Chicago residents know that our city often has very intense weather, which can even switch between extremes in one season. Our winters are cold and snowy, and our summers can really heat up. At some times, we can even see both of these weather patterns in the same month. If you are the owner or operator of a restaurant, shop or other public space in Chicago, you should know to expect the unexpected with weather and to be prepared. This can mean having salt and shovels on hand for snowy days or mats available during a hard rain to provide a surface with traction. While the temperatures may be sunny and pleasant one day this can always change the next. What does not change though, is the duty that owners owe to visitors and customers to provide safe premises where they will not be exposed to dangers that may cause them injury.

A recent report by the Cook County Record reports that a patron filed suit against a Chicago restaurant for a 2013 slip and fall accident. The patron is alleging premises liability in her suit, which she filed last month in Cook County Circuit Court. The lawsuit alleges the defendant sprayed water on the pavement, which created an unsafe condition and/or unnatural accumulation of snow and ice that caused her to fall and sustain injuries. In her complaint, she argues that this condition was unapparent to her and that the defendants were aware of the hazard, failed to remedy it, and increased the probability that pedestrians and patrons would fall and suffer injury. The plaintiff is alleging personal pecuniary and permanent damage, and seeks compensation in excess of $50,000.

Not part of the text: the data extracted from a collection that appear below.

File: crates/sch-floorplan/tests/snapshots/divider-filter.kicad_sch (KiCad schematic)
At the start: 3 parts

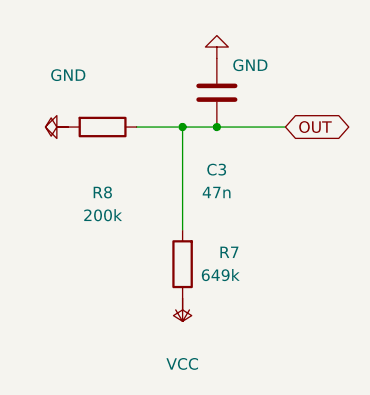
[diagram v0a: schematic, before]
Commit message: sch-doc: pick the smallest standard page from an A5-first ladder
A four-part circuit on A4 is a drawing stranded in one corner of an
empty sheet; the critic scored that a point worse than the snug custom
page it replaced. Starting the ladder at A5 keeps the frame close to
the content while every sheet still lands on a size KiCad and a printer
recognise.

Re-blessed the five snapshots whose critic score held at or above their
pre-change score. grid-demo is left at its baseline: it renders 7 where
it used to render 9.

Claude-Session: https://claude.ai/code/session_01GyGRY43X8yBh8WS1tjEmFz
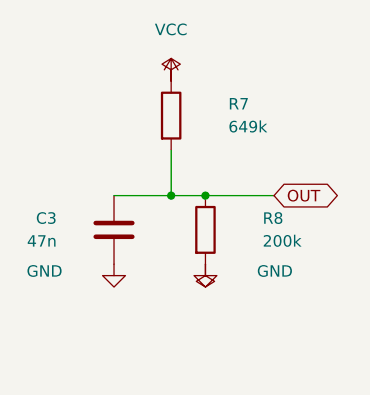
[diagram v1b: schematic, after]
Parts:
- C3, R7, R8: ap_block (none) -> divider
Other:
- moved on the sheet: C3, R7, R8
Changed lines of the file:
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@@
 	(generator "gordian")
 	(generator_version "0.1")
-	(paper "User" 57.91 97.47)
+	(paper "A5")
 	(title_block
 		(title "divider-filter")
+		(rev "1.0")
 	)
 	(global_label "OUT"
 		(shape bidirectional)
-		(at 41.910000000000004 25.4 0)
+		(at 40.64 33.02 0)
 		(effects (font (size 1.27 1.27)) (justify left))
 	)
 	(wire
 		(pts
-			(xy 25.4 25.4) (xy 30.48 25.4)
-		)
-		(stroke (width 0) (type default))
-	)
-	(wire
-		(pts
-			(xy 30.48 25.4) (xy 34.29 25.4)
-		)
-		(stroke (width 0) (type default))
-	)
-	(wire
-		(pts
-			(xy 30.48 36.83) (xy 30.48 25.4)
-		)
-		(stroke (width 0) (type default))
-	)
-	(wire
-		(pts
-			(xy 34.29 25.4) (xy 41.910000000000004 25.4)
+			(xy 22.86 33.02) (xy 29.21 33.02)
+		)
+		(stroke (width 0) (type default))
+	)
+	(wire
+		(pts
+			(xy 29.21 27.94) (xy 29.21 33.02)
+		)
+		(stroke (width 0) (type default))
+	)
+	(wire
+		(pts
+			(xy 29.21 33.02) (xy 33.02 33.02)
+		)
+		(stroke (width 0) (type default))
+	)
+	(wire
+		(pts
+			(xy 33.02 33.02) (xy 40.64 33.02)
 		)
 		(stroke (width 0) (type default))
 	)
 	(junction
-		(at 30.48 25.4)
+		(at 29.21 33.02)
 		(diameter 0)
 		(color 0 0 0 0)
 	)
 	(junction
-		(at 34.29 25.4)
+		(at 33.02 33.02)
 		(diameter 0)
 		(color 0 0 0 0)
@@
 	(symbol
 		(lib_id "power:PWR_FLAG")
-		(at 17.78 25.4 90)
+		(at 33.02 40.64 180)
 		(unit 1)
 		(exclude_from_sim no)
@@
 		(dnp no)
 		(property "Reference" "#FLG_GND"
-			(at 24.13 24.13 270)
+			(at 39.370000000000005 39.37 0)
 			(effects (font (size 1.27 1.27)) (justify left) (hide yes))
 		)
 		(property "Value" "PWR_FLAG"
-			(at 24.13 26.669999999999998 270)
-			(effects (font (size 1.27 1.27)) (justify left) (hide yes))
-		)
-		(property "Footprint" ""
-			(at 17.78 25.4 0)
+			(at 39.370000000000005 41.910000000000004 0)
+			(effects (font (size 1.27 1.27)) (justify left) (hide yes))
+		)
+		(property "Footprint" ""
+			(at 33.02 40.64 0)
 			(effects (font (size 1.27 1.27)) (hide yes))
 		)
@@
 	(symbol
 		(lib_id "power:PWR_FLAG")
-		(at 30.48 44.45 180)
+		(at 29.21 20.32 0)
 		(unit 1)
 		(exclude_from_sim no)
@@
 		(dnp no)
 		(property "Reference" "#FLG_VCC"
-			(at 36.830000000000005 43.18 0)
+			(at 35.56 19.05 0)
 			(effects (font (size 1.27 1.27)) (justify left) (hide yes))
 		)
 		(property "Value" "PWR_FLAG"
-			(at 36.830000000000005 45.720000000000006 0)
-			(effects (font (size 1.27 1.27)) (justify left) (hide yes))
-		)
-		(property "Footprint" ""
-			(at 30.48 44.45 0)
+			(at 35.56 21.59 0)
+			(effects (font (size 1.27 1.27)) (justify left) (hide yes))
+		)
+		(property "Footprint" ""
+			(at 29.21 20.32 0)
 			(effects (font (size 1.27 1.27)) (hide yes))
 		)
@@
 	(symbol
 		(lib_id "power:GND")
-		(at 17.78 25.4 270)
+		(at 33.02 40.64 0)
 		(unit 1)
 		(exclude_from_sim no)
@@
 		(dnp no)
 		(property "Reference" "#PWR_GND_0"
-			(at 24.13 24.13 90)
+			(at 39.370000000000005 39.37 0)
 			(effects (font (size 1.27 1.27)) (justify left) (hide yes))
 		)
 		(property "Value" "GND"
-			(at 17.78 19.68 90)
+			(at 38.74 41.44 0)
+			(effects (font (size 1.27 1.27)) (justify left))
+		)
+		(property "Footprint" ""
+			(at 33.02 40.64 0)
+			(effects (font (size 1.27 1.27)) (hide yes))
+		)
+		(instances
+			(project ""
+				(path "/78c1c215-99f1-55bb-ac37-0886ad3d1a9e"
+					(reference "#PWR_GND_0")
+					(unit 1)
+				)
+			)
+		)
+	)
+	(symbol
+		(lib_id "power:GND")
+		(at 22.86 40.64 0)
+		(unit 1)
+		(exclude_from_sim no)
+		(in_bom yes)
+		(on_board yes)
+		(dnp no)
+		(property "Reference" "#PWR_GND_1"
+			(at 29.209999999999997 39.37 0)
+			(effects (font (size 1.27 1.27)) (justify left) (hide yes))
+		)
+		(property "Value" "GND"
+			(at 17.14 41.44 0)
+			(effects (font (size 1.27 1.27)) (justify right))
+		)
+		(property "Footprint" ""
+			(at 22.86 40.64 0)
+			(effects (font (size 1.27 1.27)) (hide yes))
+		)
+		(instances
+			(project ""
+				(path "/78c1c215-99f1-55bb-ac37-0886ad3d1a9e"
+					(reference "#PWR_GND_1")
+					(unit 1)
+				)
+			)
+		)
+	)
+	(symbol
+		(lib_id "power:VCC")
+		(at 29.21 20.32 0)
+		(unit 1)
+		(exclude_from_sim no)
+		(in_bom yes)
+		(on_board yes)
+		(dnp no)
+		(property "Reference" "#PWR_VCC_0"
+			(at 35.56 19.05 0)
+			(effects (font (size 1.27 1.27)) (justify left) (hide yes))
+		)
+		(property "Value" "VCC"
+			(at 29.21 14.6 0)
 			(effects (font (size 1.27 1.27)))
 		)
 		(property "Footprint" ""
-			(at 17.78 25.4 0)
-			(effects (font (size 1.27 1.27)) (hide yes))
-		)
-		(instances
-			(project ""
-				(path "/78c1c215-99f1-55bb-ac37-0886ad3d1a9e"
-					(reference "#PWR_GND_0")
-					(unit 1)
-				)
-			)
-		)
-	)
-	(symbol
-		(lib_id "power:GND")
-		(at 34.29 17.78 180)
-		(unit 1)
-		(exclude_from_sim no)
-		(in_bom yes)
-		(on_board yes)
-		(dnp no)
-		(property "Reference" "#PWR_GND_1"
-			(at 40.64 16.51 0)
-			(effects (font (size 1.27 1.27)) (justify left) (hide yes))
-		)
-		(property "Value" "GND"
-			(at 40.01 18.58 0)
-			(effects (font (size 1.27 1.27)) (justify left))
-		)
-		(property "Footprint" ""
-			(at 34.29 17.78 0)
-			(effects (font (size 1.27 1.27)) (hide yes))
-		)
-		(instances
-			(project ""
-				(path "/78c1c215-99f1-55bb-ac37-0886ad3d1a9e"
-					(reference "#PWR_GND_1")
-					(unit 1)
-				)
-			)
-		)
-	)
-	(symbol
-		(lib_id "power:VCC")
-		(at 30.48 44.45 180)
-		(unit 1)
-		(exclude_from_sim no)
-		(in_bom yes)
-		(on_board yes)
-		(dnp no)
-		(property "Reference" "#PWR_VCC_0"
-			(at 36.830000000000005 43.18 0)
-			(effects (font (size 1.27 1.27)) (justify left) (hide yes))
-		)
-		(property "Value" "VCC"
-			(at 30.48 51.77 0)
-			(effects (font (size 1.27 1.27)))
-		)
-		(property "Footprint" ""
-			(at 30.48 44.45 0)
+			(at 29.21 20.32 0)
 			(effects (font (size 1.27 1.27)) (hide yes))
 		)
@@
 	(symbol
 		(lib_id "Device:C")
-		(at 34.29 21.59 180)
+		(at 22.86 36.83 0)
 		(unit 1)
 		(exclude_from_sim no)
@@
 		(dnp no)
 		(property "Reference" "C3"
-			(at 34.29 30.18 0)
-			(effects (font (size 1.27 1.27)))
+			(at 16.51 35.56 0)
+			(effects (font (size 1.27 1.27)) (justify right))
 		)
 		(property "Value" "47n"
-			(at 34.29 32.72 0)
-			(effects (font (size 1.27 1.27)))
-		)
-		(property "Footprint" ""
-			(at 34.29 21.59 0)
+			(at 16.51 38.1 0)
+			(effects (font (size 1.27 1.27)) (justify right))
+		)
+		(property "Footprint" ""
+			(at 22.86 36.83 0)
+			(effects (font (size 1.27 1.27)) (hide yes))
+		)
+		(property "ap_block" "divider"
+			(at 22.86 36.83 0)
 			(effects (font (size 1.27 1.27)) (hide yes))
 		)
@@
 	(symbol
 		(lib_id "Device:R")
-		(at 30.48 40.64 180)
+		(at 29.21 24.13 0)
 		(unit 1)
 		(exclude_from_sim no)
@@
 		(dnp no)
 		(property "Reference" "R7"
-			(at 36.83 39.37 0)
+			(at 35.56 22.86 0)
 			(effects (font (size 1.27 1.27)) (justify left))
 		)
 		(property "Value" "649k"
-			(at 36.83 41.91 0)
-			(effects (font (size 1.27 1.27)) (justify left))
-		)
-		(property "Footprint" ""
-			(at 30.48 40.64 0)
+			(at 35.56 25.4 0)
+			(effects (font (size 1.27 1.27)) (justify left))
+		)
+		(property "Footprint" ""
+			(at 29.21 24.13 0)
+			(effects (font (size 1.27 1.27)) (hide yes))
+		)
+		(property "ap_block" "divider"
+			(at 29.21 24.13 0)
 			(effects (font (size 1.27 1.27)) (hide yes))
 		)
@@
 	(symbol
 		(lib_id "Device:R")
-		(at 21.59 25.4 270)
+		(at 33.02 36.83 0)
 		(unit 1)
 		(exclude_from_sim no)
@@
 		(dnp no)
 		(property "Reference" "R8"
-			(at 21.59 32.72 90)
-			(effects (font (size 1.27 1.27)))
+			(at 39.37 35.56 0)
+			(effects (font (size 1.27 1.27)) (justify left))
 		)
 		(property "Value" "200k"
-			(at 21.59 35.26 90)
-			(effects (font (size 1.27 1.27)))
-		)
-		(property "Footprint" ""
-			(at 21.59 25.4 0)
-			(effects (font (size 1.27 1.27)) (hide yes))
-		)
+			(at 39.37 38.1 0)
+			(effects (font (size 1.27 1.27)) (justify left))
+		)
+		(property "Footprint" ""
+			(at 33.02 36.83 0)
+			(effects (font (size 1.27 1.27)) (hide yes))
+		)
+		(property "ap_block" "divider"
+			(at 33.02 36.83 0)
+			(effects (font (size 1.27 1.27)) (hide yes))
+		)

When reading this report, you may be wondering how she filed a lawsuit for an injury that took place just under two years ago. It is important to understand the law when wanting to protect your rights, because Illinois law places a time limit on personal injury claims, known as the Statute of Limitations. The statute is 735 ILCS 5/13-202, and states that, “Actions for damages for an injury to the person…shall be commenced within 2 years next after the cause of action accrued…” This is interpreted to mean that the time period begins to run when the accident occurs (the actual slip and fall accident) or when the plaintiff discovers the injury (such as often occurs in medical malpractice lawsuits). Therefore, in this instance, because the plaintiff suffered injury on March 22, 2013, and she filed suit on March 20, 2015, she still satisfies the Statute of Limitations even if just by two days’ time. This is why it is so important to know the time limit for personal injury actions under the law so that you do not miss the legal time period in which you can bring your action and defend your rights in a personal injury lawsuit.